* _WHAT YOU WILL DO_
Find the line with "Surface Area: 100.464 cm^2" in the entries below. Repeat it, every following line, and the line with "2. Шпилька крепления", exactly and with nothing added.
### GIVEN DATA
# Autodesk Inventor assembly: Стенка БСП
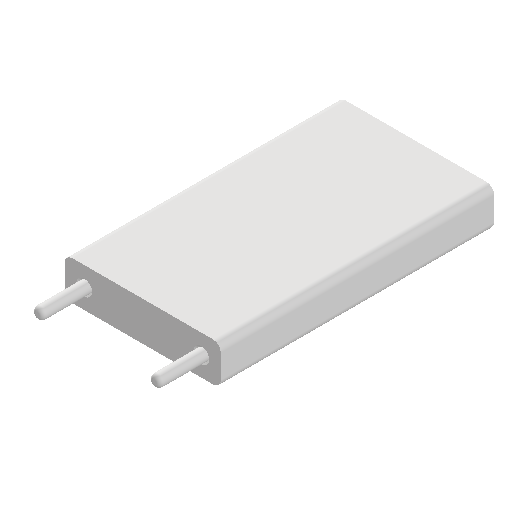
[picture p0: Inventor's stored thumbnail of the model, 512x512]
Saved by Autodesk Inventor 2022 (Build 260153000, 153)
## iProperties
Created: 2023-02-18
Part Number: Стенка БСП
Document SubType Name: Assembly
Designer: Глеб
Mass: 27.9198 g
Surface Area: 100.464 cm^2
Volume: 27.9198 cm^3
Density: 1 g/cm^3
Author: Глеб
## Documents named in this file (3)
- C:\Users\Глеб\Documents\Inventor\Файлы Inventor\Стенка БСП.iam
- C:\Users\Глеб\Documents\Inventor\Файлы Inventor\Стенка БСП.ipt
- C:\Users\Глеб\Documents\Inventor\Файлы Inventor\Шпилька крепления к несущеф стене.ipt
## Components (3 placed, 2 different names)
1. Стенка БСП:1 — Совмещение:1, Заподлицо:2, Совмещение:2, Совмещение:3
2. Шпилька крепления к несущеф стене:1 — Заподлицо:1, Совмещение:2, Совмещение:3
3. Шпилька крепления к несущеф стене:2 — Совмещение:1, Заподлицо:1, Заподлицо:2
## Relationships (5: Mate 3, Flush 2)
- Совмещение:1 [Mate]: Стенка БСП:1 ↔ Шпилька крепления к несущеф стене:2
- Заподлицо:1 [Flush]: Шпилька крепления к несущеф стене:1 ↔ Шпилька крепления к несущеф стене:2
- Заподлицо:2 [Flush] (-12 mm): Стенка БСП:1 ↔ Шпилька крепления к несущеф стене:2
- Совмещение:2 [Mate]: Стенка БСП:1 ↔ Шпилька крепления к несущеф стене:1
- Совмещение:3 [Mate]: Стенка БСП:1 ↔ Шпилька крепления к несущеф стене:1
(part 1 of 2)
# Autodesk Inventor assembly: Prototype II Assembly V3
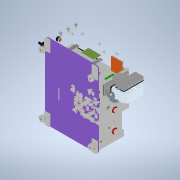
[picture p0: Inventor's stored thumbnail of the model, 180x180]
Saved by Autodesk Inventor 2021 (Build 250183000, 183)
## iProperties
Created: 2020-07-16
Part Number: Prototype II Assembly V3
Document SubType Name: Assembly
Designer: jgray
Author: jgray
## Documents named in this file (71)
- M:\Printed Electronics\Gas Sensors\Prototypes\Prototype II -Cartridge Reader V3\Prototype II Assembly V3.iam
- M:\Printed Electronics\Gas Sensors\Prototypes\Prototype II -Cartridge Reader V3\40ml Bottle and Lid.iam
- M:\Printed Electronics\Gas Sensors\Prototypes\Prototype II -Cartridge Reader V3\100ml Bottle and Lid.iam
- M:\Printed Electronics\Gas Sensors\Prototypes\Prototype II -Cartridge Reader V3\Full Cartridge Interface.iam
- M:\Printed Electronics\Gas Sensors\Prototypes\Prototype II -Cartridge Reader V3\Control & Sense Head PCB Assm.iam
- M:\Printed Electronics\Gas Sensors\Prototypes\Prototype II -Cartridge Reader V3\EC Sensor Sub-Assem.iam
- M:\Printed Electronics\Gas Sensors\Prototypes\Prototype II -Cartridge Reader V3\22Ah BatteryPack.ipt
- M:\Printed Electronics\Gas Sensors\Prototypes\Prototype II -Cartridge Reader V3\Battery Con.ipt
- M:\Printed Electronics\Gas Sensors\Prototypes\Prototype II -Cartridge Reader V3\Box Fixing Stud.ipt
- M:\Printed Electronics\Gas Sensors\Prototypes\Prototype II -Cartridge Reader V3\Coms Board V1.ipt
- M:\Printed Electronics\Gas Sensors\Prototypes\Prototype II -Cartridge Reader V3\Enclosure RS746-7396 body.ipt
- M:\Printed Electronics\Gas Sensors\Prototypes\Prototype II -Cartridge Reader V3\Internal Rear Plate.ipt
- M:\Printed Electronics\Gas Sensors\Prototypes\Prototype II -Cartridge Reader V3\Mechanical Driver Board.ipt
- M:\Printed Electronics\Gas Sensors\Prototypes\Prototype II -Cartridge Reader V3\Port Support Plate.ipt
- M:\Printed Electronics\Gas Sensors\Prototypes\Prototype II -Cartridge Reader V3\Right Bracket 50mm RS749-1680.ipt
- M:\Printed Electronics\Gas Sensors\Prototypes\Prototype II -Cartridge Reader V3\Status Indicator PCB.ipt
- M:\Printed Electronics\Gas Sensors\Prototypes\Prototype II -Cartridge Reader V3\Switch Mode PS PCB.ipt
- M:\Printed Electronics\Gas Sensors\Prototypes\Prototype II -Cartridge Reader V3\Top Divider.ipt
- M:\Printed Electronics\Gas Sensors\Prototypes\Prototype II -Cartridge Reader V3\Union Elbow 1-8 KQ2L01-00A SMC.ipt
- M:\Printed Electronics\Gas Sensors\Prototypes\Prototype II -Cartridge Reader V3\Vent Port M12.ipt
- M:\Printed Electronics\Gas Sensors\Prototypes\Prototype II -Cartridge Reader V3\Union Tee 1-8 KQ2T01-00A SMC.ipt
- M:\Printed Electronics\Gas Sensors\Prototypes\Prototype II -Cartridge Reader V3\Right Bracket 30mm RS749-1686.ipt
- M:\Printed Electronics\Gas Sensors\Prototypes\Prototype II -Cartridge Reader V3\Mounted Pump.iam
- M:\Printed Electronics\Gas Sensors\Prototypes\Prototype II -Cartridge Reader V3\Valve Assembly.iam
- M:\Printed Electronics\Gas Sensors\Prototypes\Prototype II -Cartridge Reader V3\Inner Top Plate.ipt
- M:\Printed Electronics\Gas Sensors\Prototypes\Prototype II -Cartridge Reader V3\Battery Side Plate.ipt
- M:\Printed Electronics\Gas Sensors\Prototypes\Prototype II -Cartridge Reader V3\LED Indicator Assem Farnell 1368996.iam
- M:\Printed Electronics\Gas Sensors\Prototypes\Prototype II -Cartridge Reader V3\Omron Switch DigiKey_Z6183-NDA22NS_2B[]_N[]A_G[]00_NN.iam
- M:\Printed Electronics\Gas Sensors\Prototypes\Prototype II -Cartridge Reader V3\Sprung Button Assm DigiKey EG5980-ND.iam
- M:\Printed Electronics\Gas Sensors\Prototypes\Prototype II -Cartridge Reader V3\Fixing Stud Pt 2.ipt
- M:\Printed Electronics\Gas Sensors\Prototypes\Prototype II -Cartridge Reader V3\Port Conversion Nut.ipt
- M:\Printed Electronics\Gas Sensors\Prototypes\Prototype II -Cartridge Reader V3\M8 Mudguard Washer RS 660-4771.ipt
- M:\Printed Electronics\Gas Sensors\Prototypes\Prototype II -Cartridge Reader V3\M12 Form B A2 Washer RS 530-810.ipt
- M:\Printed Electronics\Gas Sensors\Prototypes\Prototype II -Cartridge Reader V3\M12 Tap washer RS 530-270.ipt
- M:\Printed Electronics\Gas Sensors\Prototypes\Prototype II -Cartridge Reader V3\Cable Gland Lock Nut RS 822-9791.ipt
- M:\Printed Electronics\Gas Sensors\Prototypes\Prototype II -Cartridge Reader V3\SMC AS2002F Needle Valve RS 827-0755.ipt
- M:\Printed Electronics\Gas Sensors\Prototypes\Prototype II -Cartridge Reader V3\Battery Base Plate.ipt
- M:\Printed Electronics\Gas Sensors\Prototypes\Prototype II -Cartridge Reader V3\Internal Vert Divider.ipt
- M:\Printed Electronics\Gas Sensors\Prototypes\Prototype II -Cartridge Reader V3\SMC10-32UNF-1-8 KQ2H01-32N RS 840-4665.ipt
- M:\Printed Electronics\Gas Sensors\Prototypes\Prototype II -Cartridge Reader V3\Tube 1-8 5L.ipt
- M:\Printed Electronics\Gas Sensors\Prototypes\Prototype II -Cartridge Reader V3\SMC Elbow KQ2L23-04.ipt
- M:\Printed Electronics\Gas Sensors\Prototypes\Prototype II -Cartridge Reader V3\Legris4-4mm Elbow 31820400 RS 306-5993.ipt
- M:\Printed Electronics\Gas Sensors\Prototypes\Prototype II -Cartridge Reader V3\SMC Nipple 1-8to5-32 KQ2N01-03.ipt
- M:\Printed Electronics\Gas Sensors\Prototypes\Prototype II -Cartridge Reader V3\SMC 4mmMale-1-8Push KQ2R01-03(R23-04).ipt
- M:\Printed Electronics\Gas Sensors\Prototypes\Prototype II -Cartridge Reader V3\Bottle Base Plate.ipt
- M:\Printed Electronics\Gas Sensors\Prototypes\Prototype II -Cartridge Reader V3\Single Thrd Right Support Farnell1466883.ipt
- M:\Printed Electronics\Gas Sensors\Prototypes\Prototype II -Cartridge Reader V3\No Thrd Right Support Farnell1466881.ipt
- M:\Printed Electronics\Gas Sensors\Prototypes\Prototype II -Cartridge Reader V3\Cable Clip 3-1Dia RS817-8956.ipt
- M:\Printed Electronics\Gas Sensors\Prototypes\Prototype II -Cartridge Reader V3\Door Lock.ipt
- M:\Printed Electronics\Gas Sensors\Prototypes\Prototype II -Cartridge Reader V3\BAttery divider.ipt
- M:\Printed Electronics\Gas Sensors\Prototypes\Prototype II -Cartridge Reader V3\Bottle side plate.ipt
- M:\Printed Electronics\Gas Sensors\Prototypes\Prototype II -Cartridge Reader V3\Battery Top Plate.ipt
- C:\Users\jgray\Documents\Inventor\Content Center Files\R2021\en-US\BS 4320(2)\BS 4320 - M8 (Form B).ipt
- C:\Users\jgray\Documents\Inventor\Content Center Files\R2021\en-US\DIN 934\DIN 934 - M8 x 1.25.ipt
- M:\Printed Electronics\Gas Sensors\Prototypes\Prototype II -Cartridge Reader V3\Bottle Spacer Base.ipt
- M:\Printed Electronics\Gas Sensors\Prototypes\Prototype II -Cartridge Reader V3\Lower slide.ipt
- M:\Printed Electronics\Gas Sensors\Prototypes\Prototype II -Cartridge Reader V3\Upper slide.ipt
- M:\Printed Electronics\Gas Sensors\Prototypes\Prototype II -Cartridge Reader V3\Gas Side Top Cover.ipt
- M:\Printed Electronics\Gas Sensors\Prototypes\Prototype II -Cartridge Reader V3\Battery Cover.ipt
- M:\Printed Electronics\Gas Sensors\Prototypes\Prototype II -Cartridge Reader V3\Electronics cover.ipt
- M:\Printed Electronics\Gas Sensors\Prototypes\Prototype II -Cartridge Reader V3\corner spacers.ipt
- M:\Printed Electronics\Gas Sensors\Prototypes\Prototype II -Cartridge Reader V3\Silicone Seal washer.ipt
- M:\Printed Electronics\Gas Sensors\Prototypes\Prototype II -Cartridge Reader V3\Step-back spacer -electronics enc.ipt
- M:\Printed Electronics\Gas Sensors\Prototypes\Prototype II -Cartridge Reader V3\Step-back cover -electronics enc.ipt
- M:\Printed Electronics\Gas Sensors\Prototypes\Prototype II -Cartridge Reader V3\Top Bottle Front.ipt
- M:\Printed Electronics\Gas Sensors\Prototypes\Prototype II -Cartridge Reader V3\Top Bottle Middle.ipt
- M:\Printed Electronics\Gas Sensors\Prototypes\Prototype II -Cartridge Reader V3\Top Bottle Back.ipt
- M:\Printed Electronics\Gas Sensors\Prototypes\Prototype II -Cartridge Reader V3\upper plate slide.ipt
- M:\Printed Electronics\Gas Sensors\Prototypes\Prototype II -Cartridge Reader V3\LiPo cover.ipt
- M:\Printed Electronics\Gas Sensors\Prototypes\Prototype II -Cartridge Reader V3\Lipo Battery.ipt
- M:\Printed Electronics\Gas Sensors\Prototypes\Prototype II -Cartridge Reader V3\LipoBat Spacer.ipt
## Components (233 placed, 70 different names)
1. 40ml Bottle and Lid:1 [sub-assembly] — Angle:10, Mate:46, Mate:47, Mate:60, Mate:61, Flush:20, Flush:21, Flush:22
2. 40ml Bottle and Lid:2 [sub-assembly] — Angle:9, Mate:44, Mate:45, Mate:62, Mate:63, Flush:22
3. 40ml Bottle and Lid:3 [sub-assembly] — Angle:8, Mate:52, Mate:53, Mate:54, Mate:55, Flush:21
4. 40ml Bottle and Lid:4 [sub-assembly] — Angle:7, Mate:58, Flush:20, Flush:23, Mate:371
5. 100ml Bottle and Lid:1 [sub-assembly] — Angle:6, Mate:56, Flush:23, Mate:268
6. Full Cartridge Interface:1 [sub-assembly] — Mate:7, Mate:8, Mate:9, Mate:14, Mate:229, Mate:230, Mate:231, Mate:232, Flush:29, Mate:346, Flush:30
7. Control & Sense Head PCB Assm:1 [sub-assembly] — Flush:29, Mate:346, Flush:30
8. EC Sensor Sub-Assem:1 [sub-assembly] — Angle:1, Angle:2, Mate:12, Flush:8
9. 22Ah BatteryPack:1 — Mate:2, Mate:67, Flush:14, Mate:415, Mate:416, Mate:417
10. 22Ah BatteryPack:2 — Mate:1, Flush:14, Mate:145, Mate:383, Mate:622
11. Battery Con:1 — Mate:622
12. Battery Con:2 — Mate:415, Angle:66, Mate:416, Mate:417
13. Box Fixing Stud:1 — Mate:31, Mate:32, Mate:97, Mate:98, Mate:521, Mate:527, Mate:614
14. Box Fixing Stud:2 — Mate:35, Flush:11, Mate:102, Mate:517, Mate:525, Mate:610, Mate:615
15. Box Fixing Stud:3 — Mate:36, Flush:10, Mate:99, Mate:101, Angle:67, Mate:513, Mate:514, Mate:612, Mate:616
16. Box Fixing Stud:4 — Mate:33, Mate:34, Flush:10, Flush:11, Mate:6, Mate:100, Mate:519, Mate:526, Mate:619
17. Coms Board V1:1 — Mate:629, Mate:630, Mate:631, Mate:636, Mate:637, Mate:675
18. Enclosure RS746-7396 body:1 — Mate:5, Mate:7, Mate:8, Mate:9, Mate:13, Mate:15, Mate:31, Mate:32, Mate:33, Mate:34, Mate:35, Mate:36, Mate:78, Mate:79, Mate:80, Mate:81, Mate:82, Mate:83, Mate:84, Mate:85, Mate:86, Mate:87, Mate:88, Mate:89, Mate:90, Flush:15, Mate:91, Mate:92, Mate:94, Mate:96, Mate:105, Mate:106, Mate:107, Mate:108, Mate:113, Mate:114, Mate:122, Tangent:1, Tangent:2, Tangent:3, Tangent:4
######
* _THE COMPLETED TASK_
Surface Area: 100.464 cm^2
Volume: 27.9198 cm^3
Density: 1 g/cm^3
Author: Глеб
## Documents named in this file (3)
- C:\Users\Глеб\Documents\Inventor\Файлы Inventor\Стенка БСП.iam
- C:\Users\Глеб\Documents\Inventor\Файлы Inventor\Стенка БСП.ipt
- C:\Users\Глеб\Documents\Inventor\Файлы Inventor\Шпилька крепления к несущеф стене.ipt
## Components (3 placed, 2 different names)
1. Стенка БСП:1 — Совмещение:1, Заподлицо:2, Совмещение:2, Совмещение:3
2. Шпилька крепления к несущеф стене:1 — Заподлицо:1, Совмещение:2, Совмещение:3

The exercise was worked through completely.